Ero stato invitato a quel ruolo in un periodo di crisi, ma ho posto delle condizioni che non sono state accettate (la nomina di Domenico Siniscalco al ministero dell'economia e delle finanze, ndr). Comunque, Mario Draghi deve assolutamente diventare il prossimo presidente della Repubblica. È indispensabile, perché tornerà la vera competizione in Parlamento sarà un fratricidio. È l’unico che può dare certe garanzie. Il presidente della Repubblica, ormai, conta molto più del primo ministro. C’è stata una verticalizzazione del potere con il prosciugamento dei partiti. Qualsiasi politica faccia, giusta o sbagliata, Draghi continua ad avere canali privilegiati di collegamento con poteri esterni che ci condizionano, come l’Unione europea e, ancora più importante, con gli Stati Uniti.

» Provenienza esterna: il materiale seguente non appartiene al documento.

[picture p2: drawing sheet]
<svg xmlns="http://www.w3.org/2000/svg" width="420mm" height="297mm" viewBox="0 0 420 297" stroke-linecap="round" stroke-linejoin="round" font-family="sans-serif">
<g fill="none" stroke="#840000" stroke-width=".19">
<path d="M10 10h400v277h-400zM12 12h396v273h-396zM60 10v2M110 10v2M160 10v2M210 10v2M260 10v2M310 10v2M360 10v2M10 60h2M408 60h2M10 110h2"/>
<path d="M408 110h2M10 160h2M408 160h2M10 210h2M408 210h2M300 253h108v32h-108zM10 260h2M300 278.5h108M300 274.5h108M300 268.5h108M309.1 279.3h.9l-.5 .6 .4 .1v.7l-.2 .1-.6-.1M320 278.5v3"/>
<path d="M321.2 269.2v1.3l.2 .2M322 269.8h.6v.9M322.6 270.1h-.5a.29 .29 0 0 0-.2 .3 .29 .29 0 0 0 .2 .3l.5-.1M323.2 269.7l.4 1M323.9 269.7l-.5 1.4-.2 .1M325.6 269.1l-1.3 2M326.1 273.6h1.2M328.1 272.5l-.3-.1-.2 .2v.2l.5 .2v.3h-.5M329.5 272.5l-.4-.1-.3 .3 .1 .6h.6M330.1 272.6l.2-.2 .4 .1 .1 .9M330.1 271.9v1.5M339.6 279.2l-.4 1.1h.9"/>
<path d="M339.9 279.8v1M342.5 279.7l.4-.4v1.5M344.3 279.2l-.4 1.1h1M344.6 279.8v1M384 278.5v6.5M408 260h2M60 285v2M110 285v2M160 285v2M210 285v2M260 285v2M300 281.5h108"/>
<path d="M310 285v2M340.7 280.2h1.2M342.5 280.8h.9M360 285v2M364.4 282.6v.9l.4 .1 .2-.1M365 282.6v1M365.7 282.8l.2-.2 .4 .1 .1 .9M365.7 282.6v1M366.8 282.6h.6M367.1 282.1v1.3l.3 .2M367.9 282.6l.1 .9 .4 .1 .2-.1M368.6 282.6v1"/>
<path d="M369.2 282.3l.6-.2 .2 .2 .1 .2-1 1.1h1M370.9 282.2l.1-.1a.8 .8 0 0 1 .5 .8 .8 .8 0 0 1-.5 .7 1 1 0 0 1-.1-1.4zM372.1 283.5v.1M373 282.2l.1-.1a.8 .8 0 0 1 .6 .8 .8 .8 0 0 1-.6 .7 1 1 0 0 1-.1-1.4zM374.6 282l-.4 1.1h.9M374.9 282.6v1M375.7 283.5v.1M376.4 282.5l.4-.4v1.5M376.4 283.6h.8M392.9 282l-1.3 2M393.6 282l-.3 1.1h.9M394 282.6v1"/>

Intanto, parallelamente, le proteste “no Green Pass” proseguono in varie città italiane.
La mobilitazione collettiva esiste perché c'è un grande malessere. Le manifestazioni avvengono quando la gente non vede più un futuro e oggi, purtroppo, non lo vede.
Come hanno paventato in molti, lei vede serpeggiare un ritorno del fascismo attraverso queste manifestazioni?
Sono l’occasione per gruppi organizzati, come Forza Nuova o i centri sociali, per cercare di intestarsi queste proteste e trarne un plusvalore politico. Che esistano delle forze neofasciste e neonaziste è innegabile, verso le quali la polizia ha sempre usato la mano leggera, come del resto in tutto il mondo. Non a caso il capo dei servizi segreti tedeschi si è dovuto dimettere perché appoggiava queste realtà. Non è il caso italiano, la nostra pubblica amministrazione è repubblicana e democratica, però le forze dell’ordine spesso ci vanno con la mano più leggera verso i gruppi di estrema destra. Finora ho visto solo gli operai menati di fronte alle fabbriche e questo mi fa nascere qualche sospetto.